Ruling says hiring violated Kane County policy
Lauzen ally was given temporary county job
Without naming names, Kane County Assistant State's Attorney Joseph Lulves ruled Wednesday Robert Sauceda was improperly hired as the temporary new billing manager for the county's animal control department.
The ruling affirmed criticism lobbed by several county board members during the past couple of weeks regarding Sauceda's hiring being in violation of the county's hiring freeze. Board members have also cited discomfort with Sauceda's political ties to County Board Chairman Chris Lauzen and Lauzen's presentation of Sauceda as the only candidate Public Health Executive Director Barb Jeffers could hire for the $52,000 position.

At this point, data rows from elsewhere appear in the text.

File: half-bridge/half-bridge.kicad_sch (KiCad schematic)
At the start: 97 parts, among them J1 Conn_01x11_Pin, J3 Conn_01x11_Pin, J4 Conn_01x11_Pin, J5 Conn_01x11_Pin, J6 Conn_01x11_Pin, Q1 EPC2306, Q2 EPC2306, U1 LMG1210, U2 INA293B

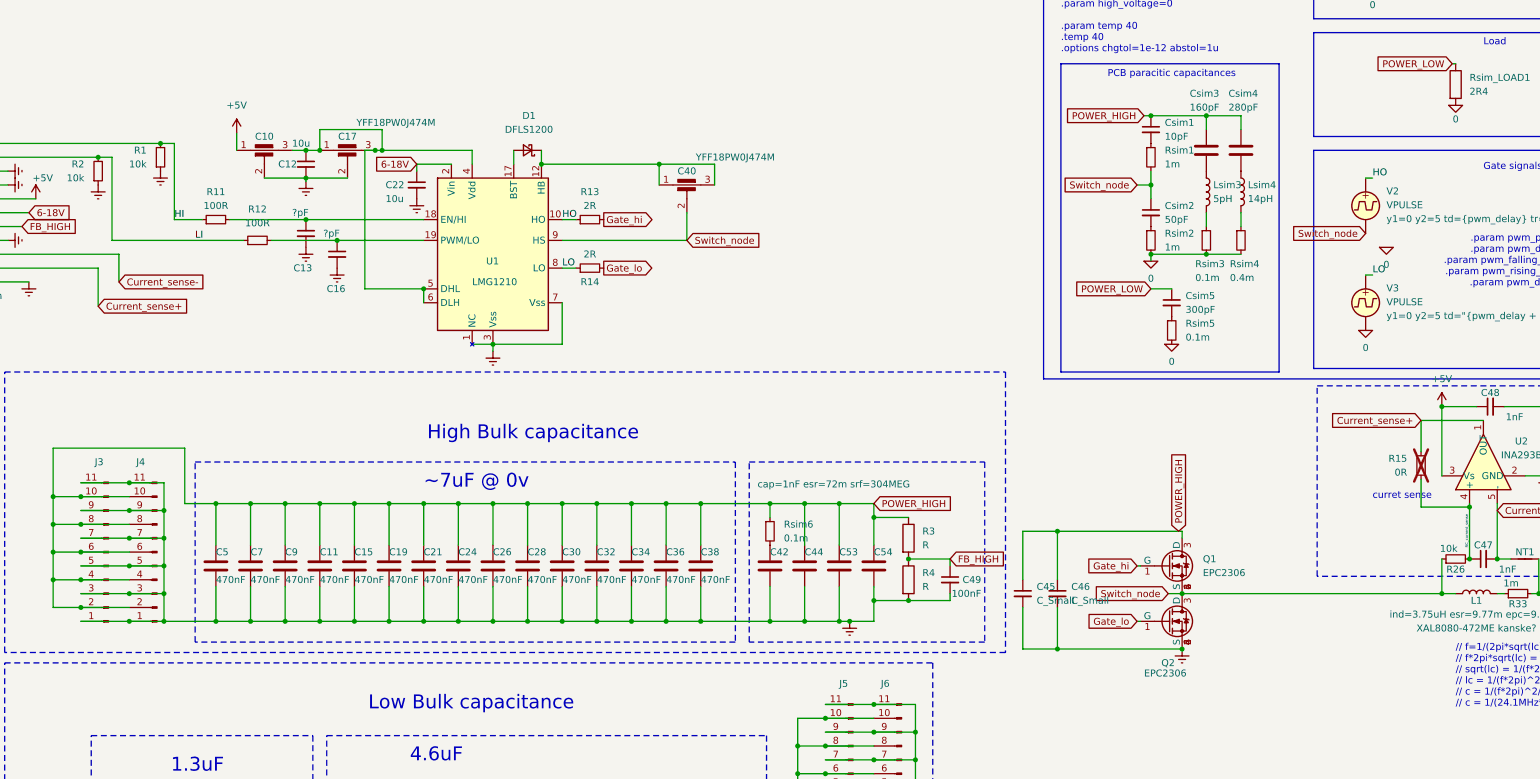
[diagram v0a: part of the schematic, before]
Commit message: Try to move closer to what EPC calls 'Optimal layout'
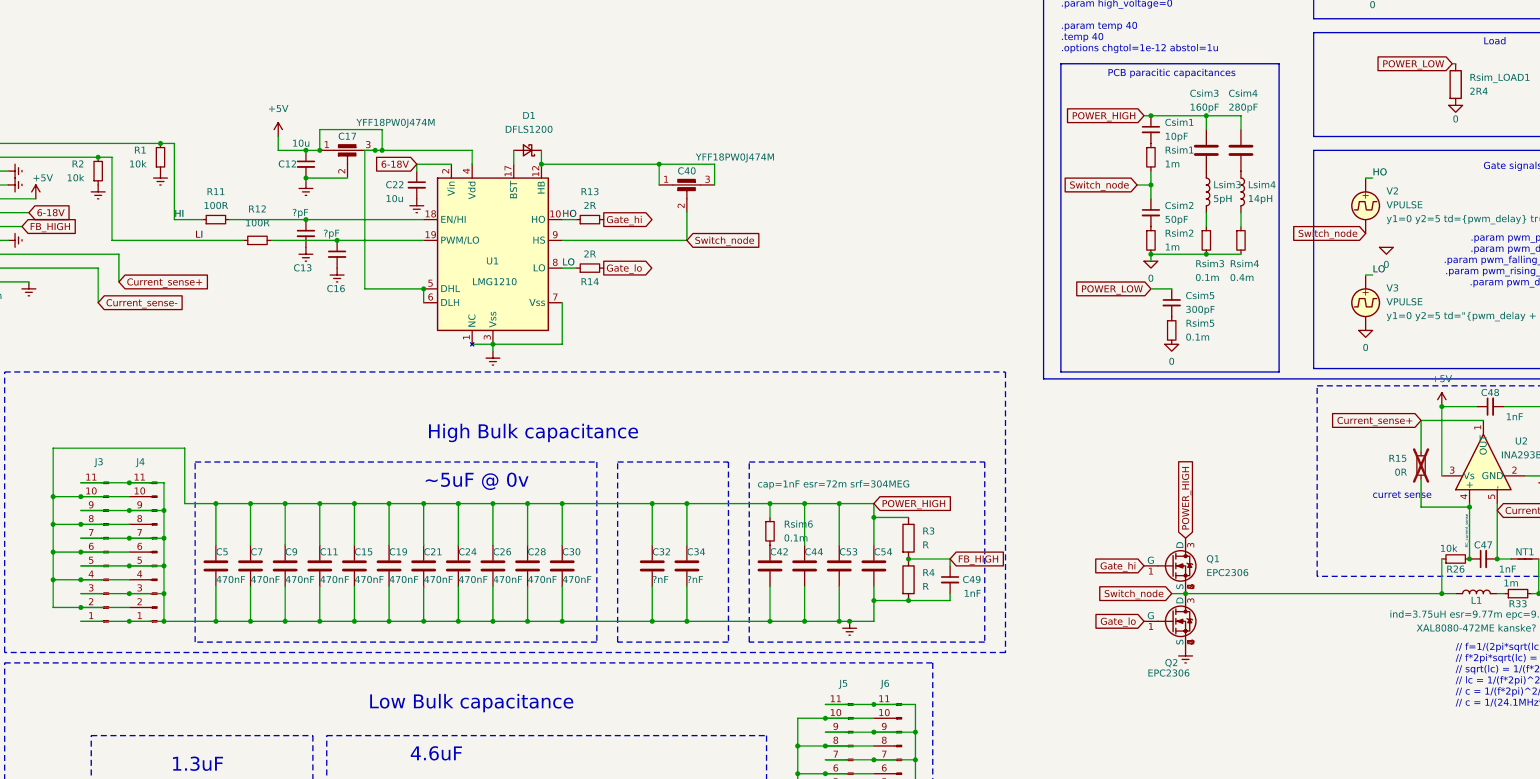
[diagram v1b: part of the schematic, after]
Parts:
- removed C10: YFF18PW0J474M, Library:C_0603_1608Metric_Feedthrough_W_Vias, symbol Device:C_Feedthrough
- removed C36, C38: 470nF, Capacitor_SMD:C_1210_3225Metric, symbol Device:C
- removed C45, C46: C_Small, Capacitor_SMD:C_0603_1608Metric, symbol Device:C_Small
- C32, C34: value 470nF -> ?nF; footprint Capacitor_SMD:C_1210_3225Metric -> Capacitor_SMD:C_0805_2012Metric
- C49: value 100nF -> 1nF
- R3: footprint (none) -> Resistor_SMD:R_1206_3216Metric
- R33: now left out of the parts list
- R4: footprint (none) -> Resistor_SMD:R_0805_2012Metric
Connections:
- net +5V: now also C12.1, C17.1, C17.3, U1.4 (Vdd), U1.5 (DHL), U1.6 (DLH)
- net Current_sense+: now also J1.3 (Pin_3); no longer J1.2 (Pin_2)
- net Current_sense-: now also J1.2 (Pin_2); no longer J1.3 (Pin_3)
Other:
- note added: "~5uF @ 0v"
- note removed: "~7uF @ 0v"
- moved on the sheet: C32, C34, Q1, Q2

Lulves didn't speak to those aspects during the Human Services Committee meeting, ruling only on the violation of the county's hiring freeze ordinance.
"On the face of the resolution, we don't really see any exemptions for temporary hires," Lulves said. "Everyone should be coming before the board."
But that doesn't mean Lauzen faces any trouble. Lulves told county board member and committee Chairman Cristina Castro no law was broken in Sauceda's hiring. In fact, the ordinance is so murky even the county board hasn't been following the requirement that calls for a review of the hiring freeze every six months. The county board put the freeze in place in 2008. It hasn't reviewed it since.
Lulves and Human Resources Director Sheila McCraven said there are compliance problems with the ordinance.
"It says no new hires, and then in the very next paragraph we have all these exemptions carved out," McCraven said. "Sometimes people have come before the board asking for exceptions and others have not.
"Overwhelmingly, it's elected officials overseeing departments that have been doing the majority of hiring. Those are officials you have no control over. The spirit of the resolution was that everyone would come before the committee. That isn't really how it's been done since 2008."
McCraven also said the county board has approved almost every requested deviation from the hiring freeze. The committee agreed it is time to clarify and amend the policy. There was a general agreement that micromanaging should be avoided. The focus should be on new hires, changes to department structures and any employee movement that causes expenses to rise, board members said.
"I don't think the goal is to be obstructive," county board member Mark Davoust. "But we had a long discussion with our ethics policy about the importance of transparency and disclosure, and the same thing applies in this."
The hiring freeze will now move to a review by the county board's Finance Committee, where amendments can be offered. The ongoing debate will keep Sauceda's hiring fresh on the minds of elected officials.
As Lauzen watched from the side of the boardroom, the committee took clear pains to avoid using Sauceda's name. In an interview, Castro said the state's attorney's office said any specific reference to Sauceda would force the meeting into a closed-door executive session. But there's no doubt Sauceda's hiring is fueling the review of the hiring freeze because concerns remain, she said.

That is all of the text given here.